Under the conda environment and within the Workspace I ran R, and install the various R packages, and saved the R image, and then ran the script again. But same error.

In this case I should manually place a downloaded tar for stageR into the /bin ?

bsipos commented 5 years ago

Yes, that could work.

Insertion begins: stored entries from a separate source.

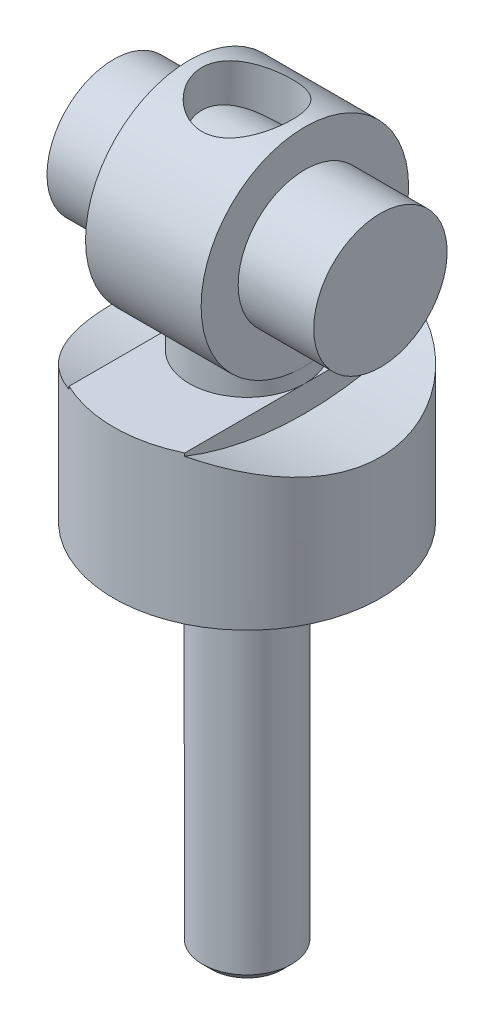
ISO-10303-21;
HEADER;
FILE_DESCRIPTION(('STEP AP214'),'2;1');
FILE_NAME('part.step','',(''),(''),'','','');
FILE_SCHEMA(('AUTOMOTIVE_DESIGN { 1 0 10303 214 1 1 1 1 }'));
ENDSEC;
DATA;
#1=APPLICATION_CONTEXT('core data for automotive mechanical design processes');
#2=APPLICATION_PROTOCOL_DEFINITION('international standard','automotive_design',2000,#1);
#3=PRODUCT_CONTEXT('',#1,'mechanical');
#4=PRODUCT('Part','Part','',(#3));
#5=PRODUCT_RELATED_PRODUCT_CATEGORY('part','',(#4));
#6=PRODUCT_DEFINITION_FORMATION('','',#4);
#7=PRODUCT_DEFINITION_CONTEXT('part definition',#1,'design');
#8=PRODUCT_DEFINITION('design','',#6,#7);
#9=PRODUCT_DEFINITION_SHAPE('','',#8);
#10=(LENGTH_UNIT() NAMED_UNIT(*) SI_UNIT(.MILLI.,.METRE.));
#11=(NAMED_UNIT(*) PLANE_ANGLE_UNIT() SI_UNIT($,.RADIAN.));
#12=(NAMED_UNIT(*) SI_UNIT($,.STERADIAN.) SOLID_ANGLE_UNIT());
#13=UNCERTAINTY_MEASURE_WITH_UNIT(LENGTH_MEASURE(1.E-05),#10,'distance_accuracy_value','');
#14=(GEOMETRIC_REPRESENTATION_CONTEXT(3) GLOBAL_UNCERTAINTY_ASSIGNED_CONTEXT((#13)) GLOBAL_UNIT_ASSIGNED_CONTEXT((#10,
#11,#12)) REPRESENTATION_CONTEXT('',''));
#15=CARTESIAN_POINT('',(0.,0.,0.));
#16=DIRECTION('',(0.,0.,1.));
#17=DIRECTION('',(1.,0.,0.));
#18=AXIS2_PLACEMENT_3D('',#15,#16,#17);
#19=CARTESIAN_POINT('',(9.,0.,0.));
#20=DIRECTION('',(-1.,0.,0.));
#21=DIRECTION('',(0.,0.,1.));
#22=AXIS2_PLACEMENT_3D('',#19,#20,#21);
#23=CYLINDRICAL_SURFACE('',#22,4.5);
#24=CARTESIAN_POINT('',(0.,3.30870065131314,-3.05));
#25=CARTESIAN_POINT('',(-0.0740543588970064,3.30870135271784,-3.04999955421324));
#26=CARTESIAN_POINT('',(-0.148113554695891,3.31120079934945,-3.04729547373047));
#27=CARTESIAN_POINT('',(-0.295501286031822,3.32105327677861,-3.03655247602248));
#28=CARTESIAN_POINT('',(-0.368829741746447,3.32840683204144,-3.02851298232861));
#29=CARTESIAN_POINT('',(-0.58695059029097,3.35728100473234,-2.99658701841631));
#30=CARTESIAN_POINT('',(-0.729787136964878,3.385614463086,-2.96489335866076));
#31=CARTESIAN_POINT('',(-1.00481607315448,3.45535402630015,-2.88328172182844));
#32=CARTESIAN_POINT('',(-1.13710040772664,3.49662694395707,-2.83354864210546));
#33=CARTESIAN_POINT('',(-1.39123632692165,3.58733287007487,-2.71780374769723));
#34=CARTESIAN_POINT('',(-1.51308617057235,3.63676723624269,-2.65178922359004));
#35=CARTESIAN_POINT('',(-1.76446479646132,3.74781440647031,-2.49293203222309));
#36=CARTESIAN_POINT('',(-1.8920441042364,3.81010328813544,-2.39747643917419));
#37=CARTESIAN_POINT('',(-2.13108358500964,3.93428541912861,-2.18776550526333));
#38=CARTESIAN_POINT('',(-2.2425254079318,3.99617814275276,-2.0734890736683));
#39=CARTESIAN_POINT('',(-2.46301512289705,4.1236708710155,-1.80832137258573));
#40=CARTESIAN_POINT('',(-2.56913328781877,4.1884081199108,-1.65450535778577));
#41=CARTESIAN_POINT('',(-2.70696690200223,4.2748001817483,-1.40843177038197));
#42=CARTESIAN_POINT('',(-2.74934801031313,4.30180769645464,-1.32386688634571));
#43=CARTESIAN_POINT('',(-2.82644155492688,4.35148238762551,-1.15011183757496));
#44=CARTESIAN_POINT('',(-2.86115705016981,4.37415129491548,-1.06092353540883));
#45=CARTESIAN_POINT('',(-2.93723315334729,4.42421178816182,-0.834029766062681));
#46=CARTESIAN_POINT('',(-2.97356864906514,4.44850916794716,-0.693888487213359));
#47=CARTESIAN_POINT('',(-3.02602447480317,4.48374237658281,-0.40832853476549));
#48=CARTESIAN_POINT('',(-3.04216027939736,4.49468843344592,-0.262913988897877));
#49=CARTESIAN_POINT('',(-3.0533671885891,4.5022807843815,0.0293654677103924));
#50=CARTESIAN_POINT('',(-3.04840293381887,4.49890307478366,0.176232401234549));
#51=CARTESIAN_POINT('',(-3.01761506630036,4.47809945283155,0.466749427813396));
#52=CARTESIAN_POINT('',(-2.99178532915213,4.46066941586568,0.610398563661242));
#53=CARTESIAN_POINT('',(-2.92131598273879,4.41371882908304,0.888013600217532));
#54=CARTESIAN_POINT('',(-2.87702540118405,4.384422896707,1.02210773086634));
#55=CARTESIAN_POINT('',(-2.77159197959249,4.31597239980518,1.28074304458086));
#56=CARTESIAN_POINT('',(-2.71044594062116,4.27681596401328,1.40528240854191));
#57=CARTESIAN_POINT('',(-2.56551457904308,4.18638203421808,1.65649516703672));
#58=CARTESIAN_POINT('',(-2.47995424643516,4.13423576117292,1.78182668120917));
#59=CARTESIAN_POINT('',(-2.29260341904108,4.02464324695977,2.01721180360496));
#60=CARTESIAN_POINT('',(-2.19079412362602,3.96719089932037,2.12724743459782));
#61=CARTESIAN_POINT('',(-1.95420691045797,3.84118755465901,2.34819750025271));
#62=CARTESIAN_POINT('',(-1.81676442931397,3.7723979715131,2.45613438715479));
#63=CARTESIAN_POINT('',(-1.52359640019,3.64029455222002,2.64798057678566));
#64=CARTESIAN_POINT('',(-1.36788117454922,3.57697765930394,2.7319033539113));
#65=CARTESIAN_POINT('',(-1.07873972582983,3.47813281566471,2.85610629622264));
#66=CARTESIAN_POINT('',(-0.94878391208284,3.43957561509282,2.90201639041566));
#67=CARTESIAN_POINT('',(-0.680934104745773,3.37555318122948,2.97625031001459));
#68=CARTESIAN_POINT('',(-0.543055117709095,3.35006405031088,3.00460625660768));
#69=CARTESIAN_POINT('',(-0.261369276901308,3.31605166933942,3.04212029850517));
#70=CARTESIAN_POINT('',(-0.117523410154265,3.30766771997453,3.05112079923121));
#71=CARTESIAN_POINT('',(0.169846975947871,3.30994043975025,3.04865479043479));
#72=CARTESIAN_POINT('',(0.313371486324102,3.32059763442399,3.03718771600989));
#73=CARTESIAN_POINT('',(0.579273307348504,3.35672225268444,2.99716587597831));
#74=CARTESIAN_POINT('',(0.702224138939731,3.3804057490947,2.97065905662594));
#75=CARTESIAN_POINT('',(0.94170771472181,3.43813602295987,2.9036484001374));
#76=CARTESIAN_POINT('',(1.05823445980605,3.47219229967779,2.86313172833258));
#77=CARTESIAN_POINT('',(1.33453129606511,3.56435394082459,2.74826045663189));
#78=CARTESIAN_POINT('',(1.49008084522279,3.62637602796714,2.6668870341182));
#79=CARTESIAN_POINT('',(1.78349065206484,3.75646016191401,2.48031899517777));
#80=CARTESIAN_POINT('',(1.92131746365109,3.82453323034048,2.37508034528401));
#81=CARTESIAN_POINT('',(2.17938375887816,3.9604362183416,2.14091948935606));
#82=CARTESIAN_POINT('',(2.2993553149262,4.02824992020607,2.01169148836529));
#83=CARTESIAN_POINT('',(2.51660188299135,4.15609145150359,1.73217770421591));
#84=CARTESIAN_POINT('',(2.61391283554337,4.21613154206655,1.58192588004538));
#85=CARTESIAN_POINT('',(2.76724452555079,4.31303677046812,1.29108040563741));
#86=CARTESIAN_POINT('',(2.82752395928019,4.35212259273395,1.15347804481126));
#87=CARTESIAN_POINT('',(2.927713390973,4.41786925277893,0.868215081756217));
#88=CARTESIAN_POINT('',(2.96763645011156,4.44453805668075,0.720560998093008));
#89=CARTESIAN_POINT('',(3.02511265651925,4.48311795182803,0.41827986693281));
#90=CARTESIAN_POINT('',(3.04255880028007,4.49495844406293,0.263623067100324));
#91=CARTESIAN_POINT('',(3.05359112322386,4.50243250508,-0.0469294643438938));
#92=CARTESIAN_POINT('',(3.04718207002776,4.49806931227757,-0.202824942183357));
#93=CARTESIAN_POINT('',(3.01241336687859,4.47459437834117,-0.498210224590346));
#94=CARTESIAN_POINT('',(2.98584821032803,4.45668871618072,-0.638015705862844));
#95=CARTESIAN_POINT('',(2.91428327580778,4.40906289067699,-0.910676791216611));
#96=CARTESIAN_POINT('',(2.86928056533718,4.37934084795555,-1.04353128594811));
#97=CARTESIAN_POINT('',(2.75996758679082,4.30849145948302,-1.30628099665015));
#98=CARTESIAN_POINT('',(2.69478198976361,4.26685537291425,-1.43567105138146));
#99=CARTESIAN_POINT('',(2.54831500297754,4.17589690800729,-1.68200981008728));
#100=CARTESIAN_POINT('',(2.46702497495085,4.12657040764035,-1.79895178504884));
#101=CARTESIAN_POINT('',(2.27621742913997,4.01518689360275,-2.03669083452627));
#102=CARTESIAN_POINT('',(2.16426874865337,3.95235046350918,-2.15517053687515));
#103=CARTESIAN_POINT('',(1.92324507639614,3.82568072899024,-2.37276837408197));
#104=CARTESIAN_POINT('',(1.79415533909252,3.76184660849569,-2.47186965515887));
#105=CARTESIAN_POINT('',(1.52700320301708,3.6422101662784,-2.64476720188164));
#106=CARTESIAN_POINT('',(1.38971103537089,3.58616592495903,-2.71958017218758));
#107=CARTESIAN_POINT('',(1.10202420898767,3.48481309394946,-2.84829695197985));
#108=CARTESIAN_POINT('',(0.951651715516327,3.43948680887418,-2.90223532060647));
#109=CARTESIAN_POINT('',(0.668272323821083,3.37324804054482,-2.97881254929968));
#110=CARTESIAN_POINT('',(0.537042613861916,3.34940288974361,-3.00534763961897));
#111=CARTESIAN_POINT('',(0.337187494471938,3.32517436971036,-3.03205239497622));
#112=CARTESIAN_POINT('',(0.270072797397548,3.3190214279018,-3.03877098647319));
#113=CARTESIAN_POINT('',(0.135306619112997,3.31078493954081,-3.04774423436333));
#114=CARTESIAN_POINT('',(0.0676553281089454,3.30870001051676,-3.05000040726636));
#115=CARTESIAN_POINT('',(0.,3.30870065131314,-3.05));
#116=B_SPLINE_CURVE_WITH_KNOTS('',3,(#24,#25,#26,#27,#28,#29,#30,#31,#32,#33,#34,#35,#36,#37,
#38,#39,#40,#41,#42,#43,#44,#45,#46,#47,#48,#49,#50,#51,#52,#53,#54,#55,#56,#57,#58,#59,#60,#61,
#62,#63,#64,#65,#66,#67,#68,#69,#70,#71,#72,#73,#74,#75,#76,#77,#78,#79,#80,#81,#82,#83,#84,#85,
#86,#87,#88,#89,#90,#91,#92,#93,#94,#95,#96,#97,#98,#99,#100,#101,#102,#103,#104,#105,#106,#107,
#108,#109,#110,#111,#112,#113,#114,#115),.UNSPECIFIED.,.T.,.F.,(4,2,2,2,2,2,2,2,2,2,2,2,2,2,2,2,
2,2,2,2,2,2,2,2,2,2,2,2,2,2,2,2,2,2,2,2,2,2,2,2,2,2,2,2,2,4),(0.,0.22207460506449,
0.444173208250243,0.888639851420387,1.32867397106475,1.76878136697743,2.28012572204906,
2.79204704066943,3.3816546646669,3.67634407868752,3.97091568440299,4.40924515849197,
4.84723863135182,5.28596638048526,5.72482295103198,6.1557338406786,6.58672656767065,
7.06630172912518,7.54643585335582,8.10749203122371,8.66823277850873,9.09600687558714,
9.52299588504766,9.95344853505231,10.3839130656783,10.7663784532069,11.1491951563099,
11.7047959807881,12.2614304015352,12.8257196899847,13.3891078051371,13.8528597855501,
14.3163138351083,14.7819661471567,15.247525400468,15.6758920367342,16.104326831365,
16.5548361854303,17.0055878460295,17.527655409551,18.0501750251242,18.5465955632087,
19.0421906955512,19.4481632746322,19.6511174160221,19.854002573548),.UNSPECIFIED.);
#117=CARTESIAN_POINT('',(0.,3.30870065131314,-3.05));
#118=VERTEX_POINT('',#117);
#119=EDGE_CURVE('E422',#118,#118,#116,.T.);
#120=ORIENTED_EDGE('',*,*,#119,.T.);
#121=EDGE_LOOP('',(#120));
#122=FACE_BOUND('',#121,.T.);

Alternatively replace "/bin/tar" in "script/de_analysis" with the location to your binary.

callumparr commented 5 years ago

So I downloaded the tarball from statOmics/stageR, then mv this file to the /Users/callum/pipeline-transcriptome-de/Workspaces/pipeline-transcriptome-de_phe/.snakemake/conda/b39bc3b2/bin

Open the de_analysis.R script in R command.

And it to this

# stageR analysis of DEXSeq results:
cat("Installing stageR.\n")
Sys.setenv(TAR = "/bin/tar")
library(devtools)
install.packages("/Users/callum/pipeline-transcriptome-de/Workspaces/pipeline-transcriptome-de_phe/.snakemake/conda/b39bc3b2/bin/stageR-1.0.tar", repos = NULL, type = "source")
library(stageR)

Go back to top most under the repository and run the snakemake and it runs on the last few jobs and runs to completion.

Are the files written to de_analysis/ folder supposed to be moved to the results directory? Or stay within the Workspaces?

bsipos commented 5 years ago

Okay, so it worked in the end. You can keep the results within Workspaces, just make sure you do not invoke the snakemake rule which cleans up the working directory.